Die Pen EE-2, produziert von 1968 bis 1977, ist nahezu identisch mit der Pen EE, mit einem nicht entfernten scharnierenden Rücken, einer Blitzschoen und einem Belichtungsmesser. Der Empfindlichkeitsbereich des Films wurde an modernere Emulsionen angepasst und reichte nun von 25 bis 400 ISO. Die Verschlusszeiten entsprachen denen der EE: 1/200 s und 1/40 s.

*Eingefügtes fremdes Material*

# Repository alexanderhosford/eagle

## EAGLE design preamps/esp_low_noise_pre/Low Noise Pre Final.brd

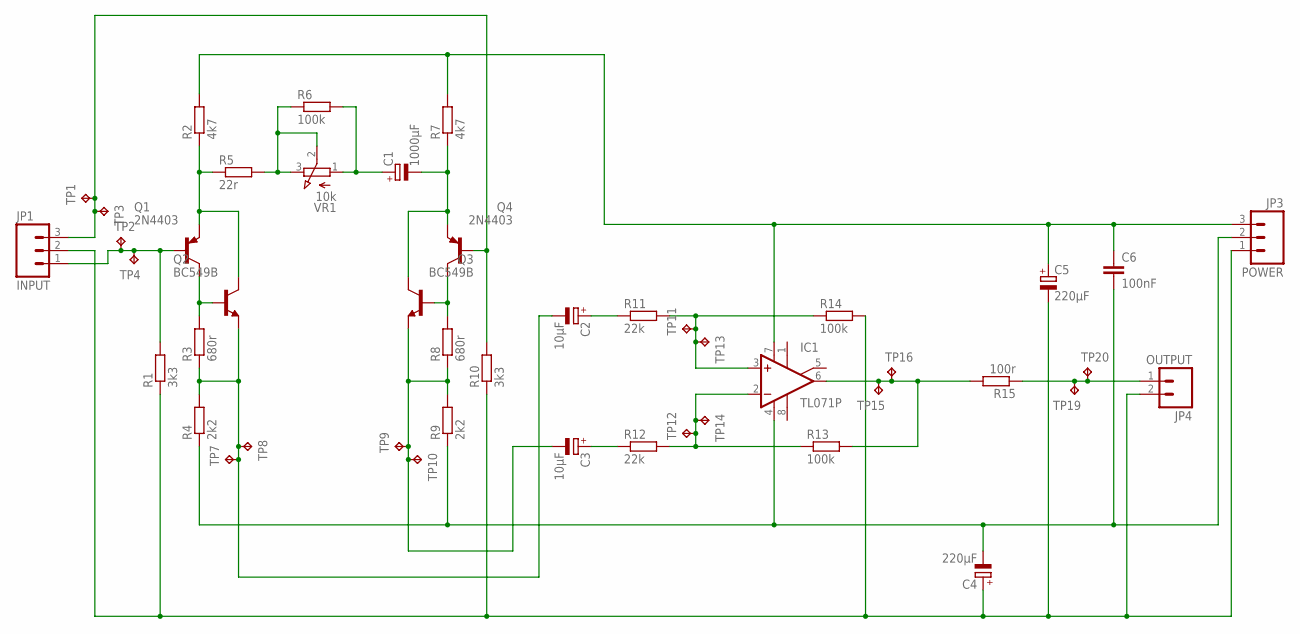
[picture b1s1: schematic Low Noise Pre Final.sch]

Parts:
C1: 1000µF; E5-10,5
C2, C3: 10µF; E15-5
C4, C5: 220µF; E5-10,5
C6: 100nF; C050-025X075
IC1: TL071P; DIL08
JP1: INPUT; SCREWTERMINAL-3.5MM-3
JP3: POWER; SCREWTERMINAL-3.5MM-3
JP4: OUTPUT; SCREWTERMINAL-3.5MM-2
Q1, Q4: 2N4403; TO92-BCE
Q2, Q3: BC549B; TO92-EBC
R1, R10: 3k3; 0207/7
R2, R7: 4k7; 0207/7
R3, R8: 680r; 0207/7
R4, R9: 2k2; 0207/7
R5: 22r; 0207/7
R6, R13, R14: 100k; 0207/7
R11, R12: 22k; 0207/7
R15: 100r; 0207/7
TP1, TP2, TP3, TP4, TP7, TP8, TP9, TP10, TP11, TP12, TP13, TP14, TP15, TP16, TP19, TP20: TPPAD1-13Y; P1-13Y
VR1: 10k; 3RP/1610N

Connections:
GND: C4.+, C5.-, JP1.2, JP3.1, JP4.2, R1.1, R10.1, R14.2
unnamed: C5.+, C6.1, IC1.7 (V+), JP3.3, R2.2, R7.2
unnamed: C4.-, C6.2, IC1.4 (V-), JP3.2, R4.1, R9.1
unnamed: JP4.1, R15.1, TP19.TP, TP20.TP
unnamed: IC1.6 (OUT), R13.2, R15.2, TP15.TP, TP16.TP
unnamed: IC1.2 (-IN), R12.2, R13.1, TP12.TP, TP14.TP
unnamed: IC1.3 (+IN), R11.2, R14.1, TP11.TP, TP13.TP
unnamed: C3.+, R12.1
unnamed: C2.+, R11.1
unnamed: C3.-, Q3.E, R8.1, R9.2, TP9.TP, TP10.TP
unnamed: Q1.C, Q2.B, R3.2
unnamed: C2.-, Q2.E, R3.1, R4.2, TP7.TP, TP8.TP
unnamed: Q3.B, Q4.C, R8.2
unnamed: JP1.3, Q4.B, R10.2, TP1.TP, TP3.TP
unnamed: JP1.1, Q1.B, R1.2, TP2.TP, TP4.TP
unnamed: Q1.E, Q2.C, R2.1, R5.1
unnamed: C1.-, Q3.C, Q4.E, R7.1
unnamed: R5.2, R6.1, VR1.2 (S), VR1.3 (E)
unnamed: C1.+, R6.2, VR1.1 (A)

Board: 2 copper layers, 46 parts (0 on the bottom side), 19 nets, no tracks yet.

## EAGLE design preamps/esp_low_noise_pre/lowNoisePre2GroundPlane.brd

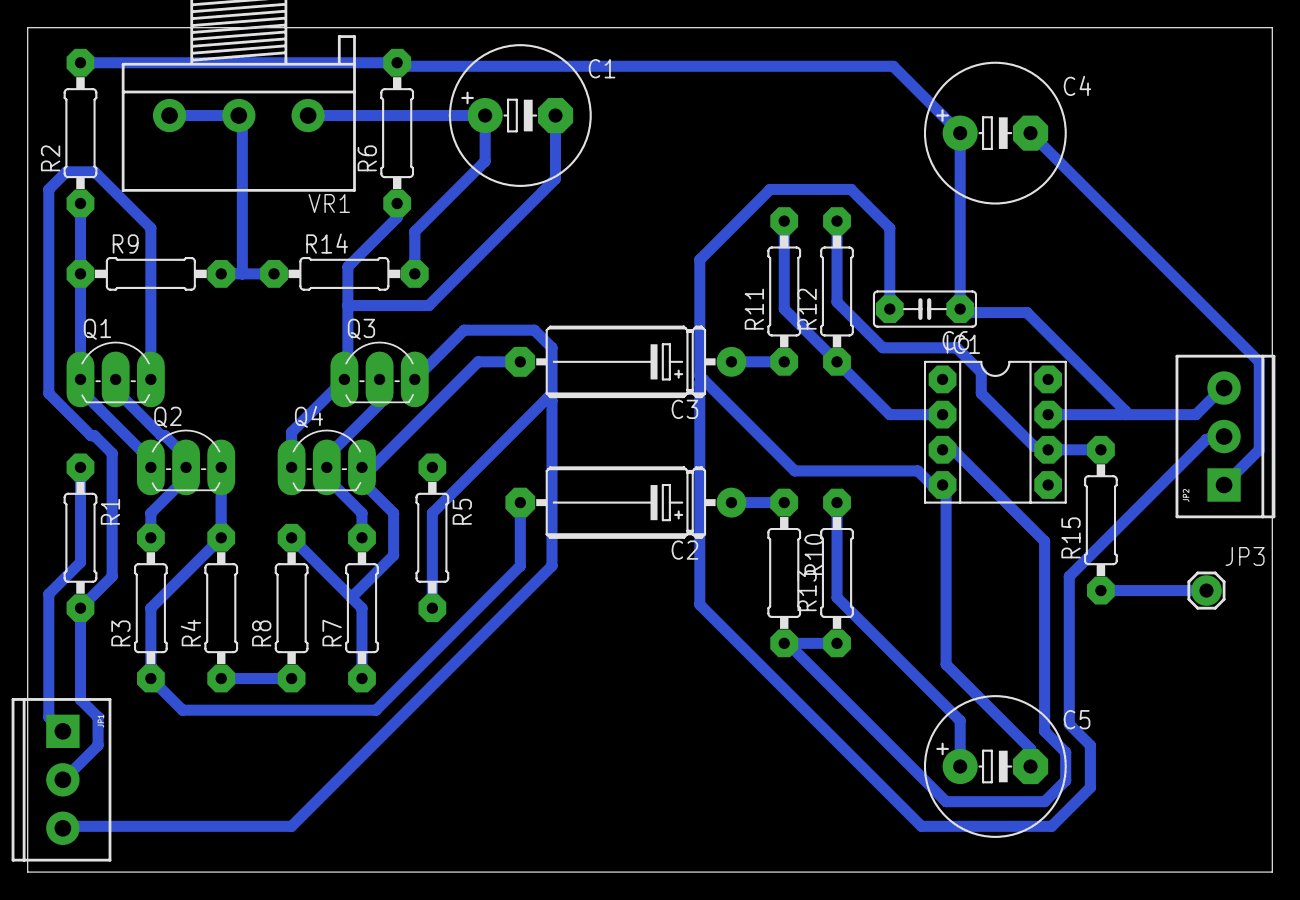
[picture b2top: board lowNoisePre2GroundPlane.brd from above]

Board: 2 copper layers, 89.8 x 60.9 mm, 30 parts (0 on the bottom side), 19 nets.

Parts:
C1: 1000µF; E5-10,5
C2, C3: 10µF; E15-5
C4, C5: 220µF; E5-10,5
C6: 100nF; C050-025X075
IC1: INA217P; DIL08
JP1: SCREWTERMINAL-3.5MM-3
JP2: POWER; SCREWTERMINAL-3.5MM-3
JP3: OUTPUT; 1X01
Q1: 2N4403; TO92-BCE
Q2, Q4: BC549B; TO92-EBC
Q3: BC369; TO92-BCE
R1, R5: 3k3; 0207/10
R2, R6: 4k7; 0207/10
R3, R7: 680r; 0207/10
R4, R8: 2k2; 0207/10
R9: 22r; 0207/10
R10, R11: 22k; 0207/10
R12, R13, R14: 100k; 0207/10
R15: 100r; 0207/10
VR1: 10k; 3RP/1610N

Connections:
GND: C4.-, C5.+, JP1.1, JP2.1, R1.1, R5.1, R13.2
unnamed: C4.+, C6.1, IC1.7, JP2.3, R2.2, R6.2
unnamed: C5.-, C6.2, IC1.4, JP2.2, R4.1, R8.1
unnamed: JP3.1, R15.1
unnamed: IC1.6, R12.2, R15.2
unnamed: IC1.2, R11.2, R12.1
unnamed: IC1.3, R10.2, R13.1
unnamed: C3.+, R11.1
unnamed: C2.+, R10.1
unnamed: C3.-, Q4.E, R7.1, R8.2
unnamed: Q1.C, Q2.B, R3.2
unnamed: C2.-, Q2.E, R3.1, R4.2
unnamed: Q3.C, Q4.B, R7.2
unnamed: JP1.3, Q3.B, R5.2
unnamed: JP1.2, Q1.B, R1.2
unnamed: Q1.E, Q2.C, R2.1, R9.1
unnamed: C1.-, Q3.E, Q4.C, R6.1
unnamed: R9.2, R14.1, VR1.2, VR1.3
unnamed: C1.+, R14.2, VR1.1

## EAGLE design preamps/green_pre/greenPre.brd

Die EE-2 konnte nur größere Filter (43,5 mm) verwenden.
Die Pen EES-2, produziert von 1968 bis 1971, ist eine modernisierte Version der EE-S, mit einem nicht-entfernbaren scharnierenden Rücken, einer Blitzschoa, einem automatischen Belichtungsmesser und einem angepassten ISO-Bereich für modernere Filme (25-400 ISO).
Die Pen EE-3, produziert von 1973 bis 1983, sah exakt gleich aus, war aber außerdem mit dem Flashmatic-System ausgestattet. In Verbindung mit einem passenden GN14-Blitz konnte der Anwender mit dem Flashmatic-System eine korrigierte Blendenwert erhalten, indem der Blendenring manuell auf eine der geschätzten Entfernungen (1–4 m) eingestellt wurde.
Die Pen EF, eingeführt 1981, war das letzte Pen-Modell. Diese Kamera ähnelt der Pen EE-2 oder Pen EE-3, verfügte aber über einen kleinen eingebauten Blitz. Sie war nur in einer schwarzen Ausführung mit weißen Buchstaben erhältlich. Die Verschlusszeiten betrugen 1/40 s und 1/200 s, und die Filmempfindlichkeit variierte von 25 bis 400 ISO."